Export the transition table to Python and use a library:

  • R: The ChannelAttribution package has C++ backends optimized for scale
  • Python: marketing-attribution-models or custom NumPy implementations

The handoff is clean: SQL produces a table with from_state, to_state, and transition_probability columns. Python reads it, constructs the matrix, and computes removal effects.

Fitting this into dbt

In a dbt project, this naturally extends the attribution comparison pattern:

models/
├── intermediate/
│ ├── int__touchpoints.sql
│ ├── int__conversions.sql
│ └── int__journey_paths.sql # Path extraction query
└── marts/
└── attribution/
├── mrt__attribution__transitions.sql # Transition counting
├── mrt__attribution__first_touch.sql
├── mrt__attribution__last_touch.sql
└── mrt__attribution__comparison.sql

The int__journey_paths model extracts paths. The mrt__attribution__transitions model computes transition probabilities. A Python script (or dbt Python model in dbt Core 1.3+) reads the transitions table and writes Markov attribution results back to the warehouse.

The Markov results can then be added to your comparison model alongside heuristic models, giving you a model_type = 'markov' row in the comparison table.

Data quality considerations

The quality of Markov attribution depends entirely on the quality of the underlying transition data.

Channel grouping is critical. Too many channels produces sparse transition matrices where many cell values are zero or based on a handful of observations. Start with 5-10 high-level channel groups and add granularity as data volume grows.

Minimum data requirements: aim for roughly 10 times as many transitions as unique transition types. With 10 channels (plus START, CONVERSION, NULL), you have up to 13 x 13 = 169 possible transitions. That means at least 1,690 total path transitions, typically achievable with a few hundred conversions.
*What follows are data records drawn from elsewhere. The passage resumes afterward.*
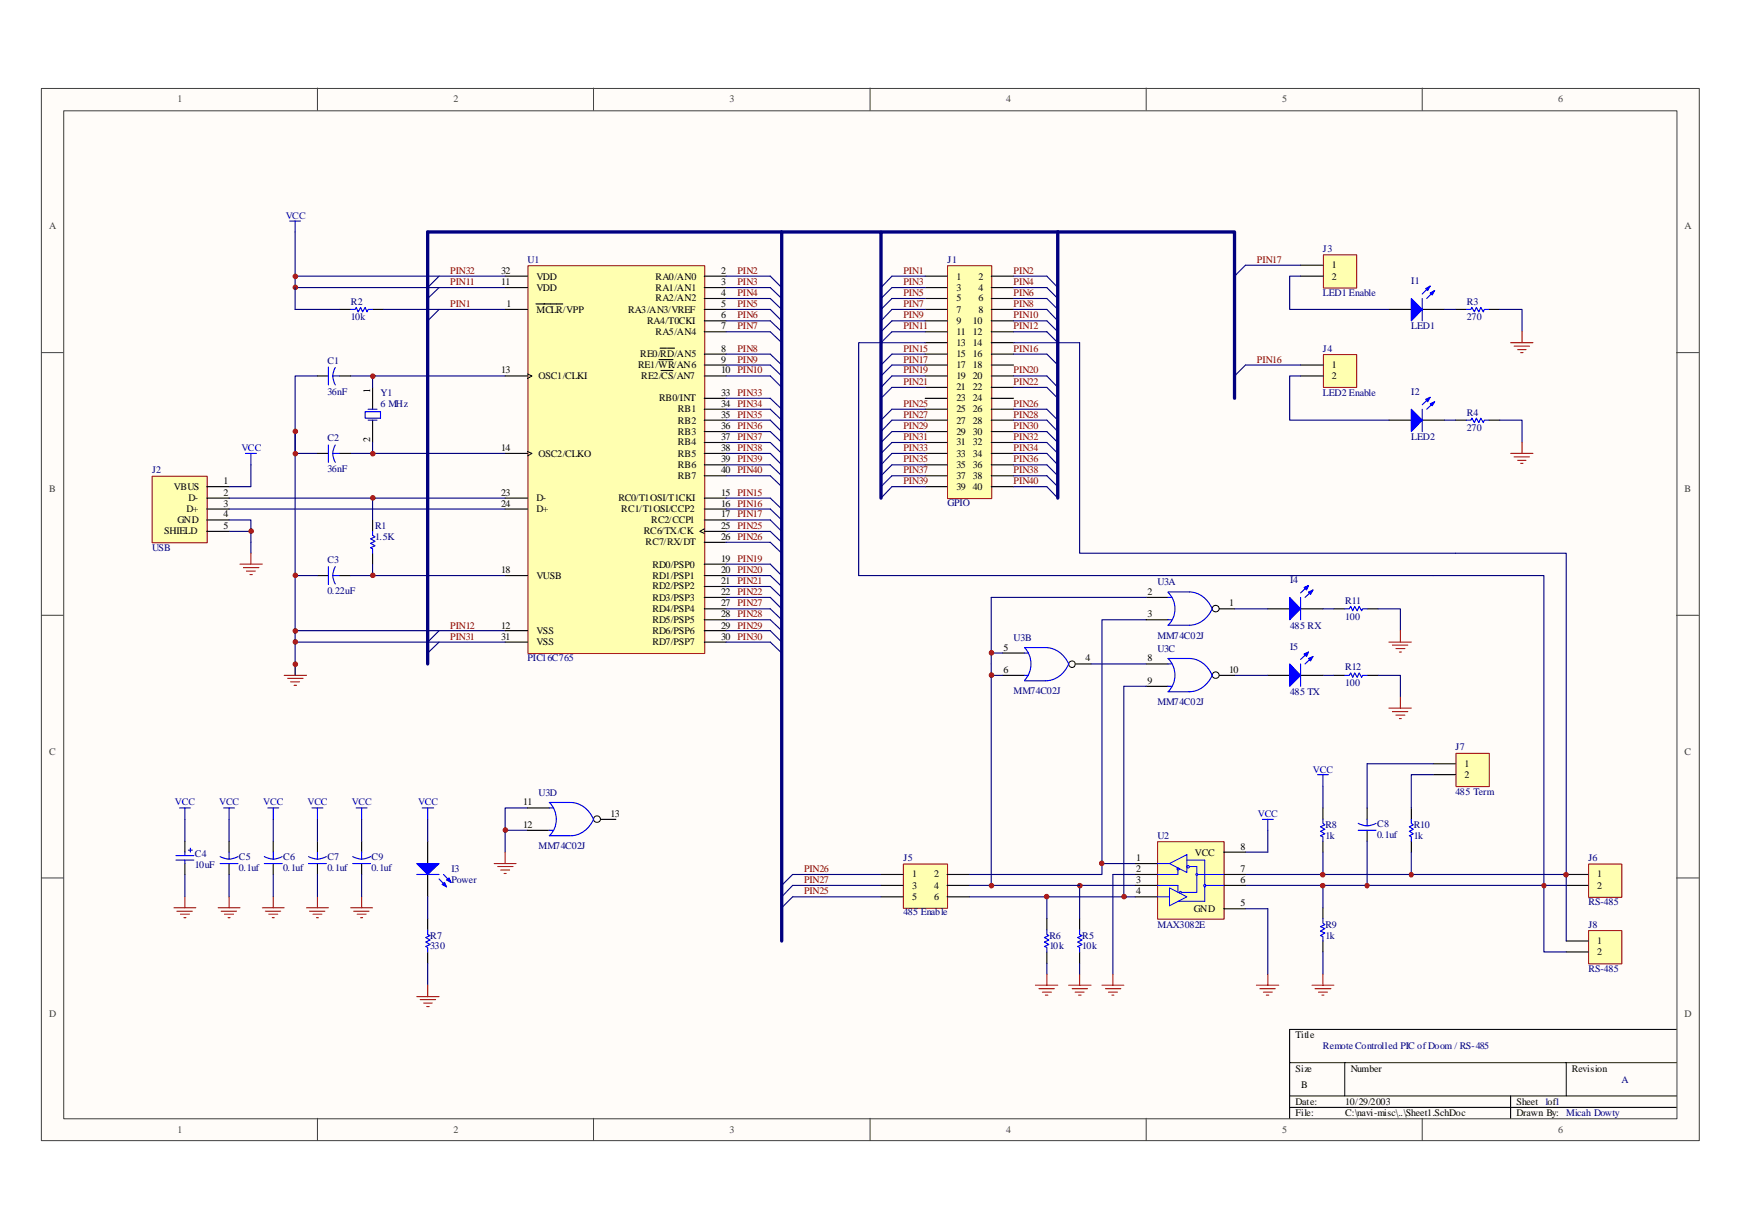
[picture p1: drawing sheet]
<svg xmlns="http://www.w3.org/2000/svg" width="297mm" height="210mm" viewBox="0 0 297 210" stroke-linecap="round" stroke-linejoin="round" font-family="sans-serif">
<path d="M7.1 15.2h282.7v179.3h-282.7z" fill="#fffcf9"/>
<path d="M7.1 15.1h282.7v179.4h-282.7z" fill="none" stroke="#3f3f3f" stroke-width=".17"/>
<path d="M11 19h274.9v171.8h-274.9z" fill="#fffcf9"/>
<g fill="none" stroke="#3f3f3f" stroke-width=".17">
<path d="M10.9 18.9h275v171.9h-275zM54.1 15v3.8M101.2 15v3.8M148.4 15v3.8M195.4 15v3.8M242.5 15v3.8M7.1 60.1h3.7M285.9 60.1h3.8M7.1 104.9h3.7M285.9 104.9h3.8M7.1 149.7h3.7M285.9 149.7h3.8"/>
<path d="M54.1 190.7v3.8M101.2 190.7v3.8M148.4 190.7v3.8M195.4 190.7v3.8M242.5 190.7v3.8"/>
</g>
<path d="M285.9 175.5h-66v15.2M219.9 181.2h66M219.9 186.9h66M219.9 188.8h66M229.3 181.2v5.7M257.6 186.9v3.8M267.1 181.2v5.7" fill="none" stroke="#000" stroke-width=".17"/>
<path d="M54.1 64.1h1.9M54.1 77.3h1.9M57.9 64.1h1.9M57.9 77.3h1.9M63.5 66.1v3.7M63.5 71.6v3.9M54.1 98.1h1.9M57.9 98.1h1.9M63.5 88.7v1.9M63.5 94.3v1.9M39.1 143.4v1.9M39.1 147.2v1.9" fill="none" stroke="#000" stroke-width=".19"/>
<g fill="none" stroke="#00f" stroke-width=".19">
<path d="M49.4 37.7h1.9M50.3 37.7v1.9M56 62.6v3M56 75.9v2.9M56.8 64.1l.1 .8 .3 .7M56.8 77.3l.1 .8 .3 .7M56.8 64.1h1.1M56.8 77.3h1.1M57.2 62.7l-.3 .7-.1 .7M57.2 75.9l-.3 .7-.1 .7M62.3 70.2h2.6v1.1h-2.6zM62.8 71.6h1.5"/>
<path d="M62.8 69.8h1.5M56 96.6v3.1M56.8 98.1l.1 .8 .3 .7M56.8 98.1h1.1M57.2 96.6l-.3 .7-.1 .8M63.5 90.6v.7l.5 .2-.8 .4 .8 .4-.8 .3 .8 .5-.8 .3 .3 .2v.7M37.5 146.1l.8 .3 .8 .1M37.5 147.2h3.1M39.1 145.3v1.2M40.6 146.1l-.8 .3-.7 .1"/>
</g>
<g fill="none" stroke="#00007f" stroke-width=".19">
<path d="M50.3 39.6v7.5M50.3 47.1v1.9h35.8M50.3 47.1h35.8M50.3 73.6v41.6M54.1 64.1h-3.8v13.2h3.8M59.8 64.1h26.3M59.8 77.3h26.3M63.5 64.1v2M63.5 75.5v1.8M50.3 98.1h3.8M59.8 98.1h3.7M63.5 96.2v1.9h22.6"/>
<path d="M63.5 84.9v3.8M50.3 107.5h35.8M50.3 109.5h35.8"/>
</g>
<path d="M48.5 115.2h3.8M49.1 115.7h2.6M49.6 116.3h1.5M50.2 116.9h.4M50.3 113.2v2" fill="none" stroke="#f00" stroke-width=".19"/>
<path d="M90.1 45.4h30.1v66h-30.1z" fill="#ffffb0"/>
<path d="M90 45.3h30.2v66.1h-30.2z" fill="none" stroke="#7f0000" stroke-width=".17"/>
<g fill="none" stroke="#000" stroke-width=".19">
<path d="M86.1 47.1h3.8M86.1 49h3.8M86.1 52.8h3.8M91.4 51.8h4.6M112.6 59.4h1.1M113.8 59.4h1.2M120.1 47.1h3.7M120.1 49h3.7M120.1 50.9h3.7M120.1 52.8h3.7M120.1 54.7h3.7M120.1 56.6h3.7"/>
<path d="M86.1 77.3h3.8M86.1 64.1h3.8M112.4 61.3h2.4M112.7 63.2h2.1M120.1 67.9h3.7M120.1 69.8h3.7M120.1 71.6h3.7M120.1 73.6h3.7M120.1 75.5h3.7M120.1 77.3h3.7M120.1 79.3h3.7M120.1 60.4h3.7"/>
<path d="M120.1 62.2h3.7M120.1 64.1h3.7M86.1 84.9h3.8M86.1 86.8h3.8M86.1 98.1h3.8M120.1 81.1h3.7M120.1 84.9h3.7M120.1 86.8h3.7M120.1 88.7h3.7M120.1 98.1h3.7M120.1 90.6h3.7M120.1 92.5h3.7"/>
<path d="M120.1 96.2h3.7M86.1 107.5h3.8M86.1 109.5h3.8M120.1 100h3.7M120.1 101.9h3.7M120.1 103.8h3.7M120.1 105.7h3.7M120.1 107.5h3.7M120.1 109.5h3.7M31.5 143.4v1.9M31.5 147.2v1.9"/>
</g>
<path d="M89.9 63.8l.8 .3-.8 .4M89.9 77l.8 .3-.8 .4M120.1 90.2l-.8 .4 .8 .3" fill="none" stroke="#000" stroke-width=".17"/>
<path d="M42.8 79.3v3.7h-3.7M39.1 88.7h3.7v5.6M39.1 84.9h47M39.1 86.8h47M39.1 90.6h3.7M31.5 139.7v3.7M31.5 149.1v3.8" fill="none" stroke="#00007f" stroke-width=".19"/>
<path d="M41.9 77.3h1.8M42.8 77.3v2M30.6 137.8h1.9M31.5 137.8v1.9M30 145.9h3M30 146.7h3M31.5 145.3v.6M31.5 146.7v.5M32.1 145h.7M32.5 144.6v.7" fill="none" stroke="#00f" stroke-width=".19"/>
<path d="M40.9 96.2h3.8M41.5 96.8h2.6M42 97.4h1.5M42.6 98h.4M42.8 94.3v1.9M29.7 154.8h3.7M30.2 155.4h2.6M30.8 155.9h1.5M31.4 156.5h.3M31.5 152.9v1.9" fill="none" stroke="#f00" stroke-width=".19"/>
<path d="M26 81.3h9.3v11.3h-9.3z" fill="#ffffb0"/>
<path d="M25.9 81.2h9.4v11.4h-9.4z" fill="none" stroke="#7f0000" stroke-width=".17"/>
<path d="M35.2 83h3.9M35.2 84.9h3.9M35.2 86.8h3.9M35.2 88.7h3.9M35.2 90.6h3.9M46.6 143.4v1.9M46.6 147.2v1.9M54.1 143.4v1.9M54.1 147.2v1.9" fill="none" stroke="#000" stroke-width=".19"/>
<g fill="none" stroke="#00f" stroke-width=".19">
<path d="M38.1 137.8h1.9M39.1 137.8v1.9M45.7 137.8h1.8M46.6 137.8v1.9M53.2 137.8h1.9M54.1 137.8v1.9M45.1 146.1l.7 .3 .8 .1M45.1 147.2h3M46.6 145.3v1.2M48.1 146.1l-.7 .3-.8 .1M52.6 146.1l.8 .3 .7 .1M52.6 147.2h3.1"/>
<path d="M54.1 145.3v1.2M55.7 146.1l-.8 .3-.8 .1"/>
</g>
<g fill="none" stroke="#f00" stroke-width=".19">
<path d="M37.2 154.8h3.7M37.7 155.4h2.6M38.3 155.9h1.5M38.9 156.5h.3M39.1 152.9v1.9M44.7 154.8h3.8M45.2 155.4h2.7M45.8 155.9h1.6M46.4 156.5h.4M46.6 152.9v1.9M52.3 154.8h3.7M52.8 155.4h2.6"/>
<path d="M53.4 155.9h1.5M54 156.5h.3M54.1 152.9v1.9"/>
</g>
<path d="M39.1 139.7v3.7M46.6 139.7v3.7M54.1 139.7v3.7M39.1 149.1v3.8M46.6 149.1v3.8M54.1 149.1v3.8" fill="none" stroke="#00007f" stroke-width=".19"/>
<circle cx="63.6" cy="64.1" r=".39" fill="#7f0000"/>
<circle cx="63.6" cy="64.1" r=".39" fill="none" stroke="#7f0000" stroke-width=".17"/>
<circle cx="63.6" cy="77.4" r=".39" fill="#7f0000"/>
<circle cx="63.6" cy="77.4" r=".39" fill="none" stroke="#7f0000" stroke-width=".17"/>
<circle cx="63.6" cy="98.1" r=".39" fill="#7f0000"/>
<circle cx="63.6" cy="98.1" r=".39" fill="none" stroke="#7f0000" stroke-width=".17"/>
<circle cx="42.8" cy="90.6" r=".39" fill="#7f0000"/>
<circle cx="42.8" cy="90.6" r=".39" fill="none" stroke="#7f0000" stroke-width=".17"/>
<circle cx="63.6" cy="84.9" r=".39" fill="#7f0000"/>
<circle cx="63.6" cy="84.9" r=".39" fill="none" stroke="#7f0000" stroke-width=".17"/>
<circle cx="50.4" cy="77.4" r=".39" fill="#7f0000"/>
<circle cx="50.4" cy="77.4" r=".39" fill="none" stroke="#7f0000" stroke-width=".17"/>
<circle cx="50.4" cy="113.3" r=".39" fill="#7f0000"/>
<circle cx="50.4" cy="113.3" r=".39" fill="none" stroke="#7f0000" stroke-width=".17"/>
<circle cx="50.4" cy="73.5" r=".39" fill="#7f0000"/>
<circle cx="50.4" cy="73.5" r=".39" fill="none" stroke="#7f0000" stroke-width=".17"/>
<circle cx="50.4" cy="98.1" r=".39" fill="#7f0000"/>
<circle cx="50.4" cy="98.1" r=".39" fill="none" stroke="#7f0000" stroke-width=".17"/>
<circle cx="50.4" cy="107.6" r=".39" fill="#7f0000"/>
<circle cx="50.4" cy="107.6" r=".39" fill="none" stroke="#7f0000" stroke-width=".17"/>
<circle cx="50.4" cy="109.4" r=".39" fill="#7f0000"/>
<circle cx="50.4" cy="109.4" r=".39" fill="none" stroke="#7f0000" stroke-width=".17"/>
<circle cx="50.4" cy="47.1" r=".39" fill="#7f0000"/>
<circle cx="50.4" cy="47.1" r=".39" fill="none" stroke="#7f0000" stroke-width=".17"/>
<circle cx="50.4" cy="49" r=".39" fill="#7f0000"/>
<circle cx="50.4" cy="49" r=".39" fill="none" stroke="#7f0000" stroke-width=".17"/>
<path d="M57.9 52.8h1.9M63.5 52.8h1.9" fill="none" stroke="#000" stroke-width=".19"/>
<path d="M59.8 52.8h.8l.1-.4 .4 .8 .4-.8 .3 .8 .5-.8 .3 .8 .2-.4h.7" fill="none" stroke="#00f" stroke-width=".19"/>
<path d="M50.3 49v3.8h7.6M65.4 52.8h20.7" fill="none" stroke="#00007f" stroke-width=".19"/>
<path d="M161.7 45.4h7.4v39.6h-7.4z" fill="#ffffb0"/>
<path d="M161.6 45.3h7.5v39.7h-7.5z" fill="none" stroke="#7f0000" stroke-width=".17"/>
<g fill="none" stroke="#000" stroke-width=".19">
<path d="M157.8 47.1h3.7M157.8 49h3.7M157.8 50.9h3.7M157.8 52.8h3.7M157.8 54.7h3.7M157.8 56.6h3.7M157.8 58.4h3.7M169 47.1h3.8M169 49h3.8M169 50.9h3.8M169 52.8h3.8M169 54.7h3.8"/>
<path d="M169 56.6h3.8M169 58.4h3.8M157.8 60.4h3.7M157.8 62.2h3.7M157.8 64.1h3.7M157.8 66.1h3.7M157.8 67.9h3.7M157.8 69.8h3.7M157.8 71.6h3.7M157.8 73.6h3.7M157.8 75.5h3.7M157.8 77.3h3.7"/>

Higher-order models (where the next state depends on the current plus previous states) require exponentially more data. A second-order model with 10 channels has up to 169 x 13 = 2,197 possible transitions. Unless you have tens of thousands of conversions, stick with first-order.

Repeated channels in a path (Email > Email > Email) are valid and common. They represent users returning to the same channel multiple times. Don’t deduplicate consecutive touches unless you have a specific reason to — the self-transition probability (Email -> Email) is meaningful information about channel stickiness.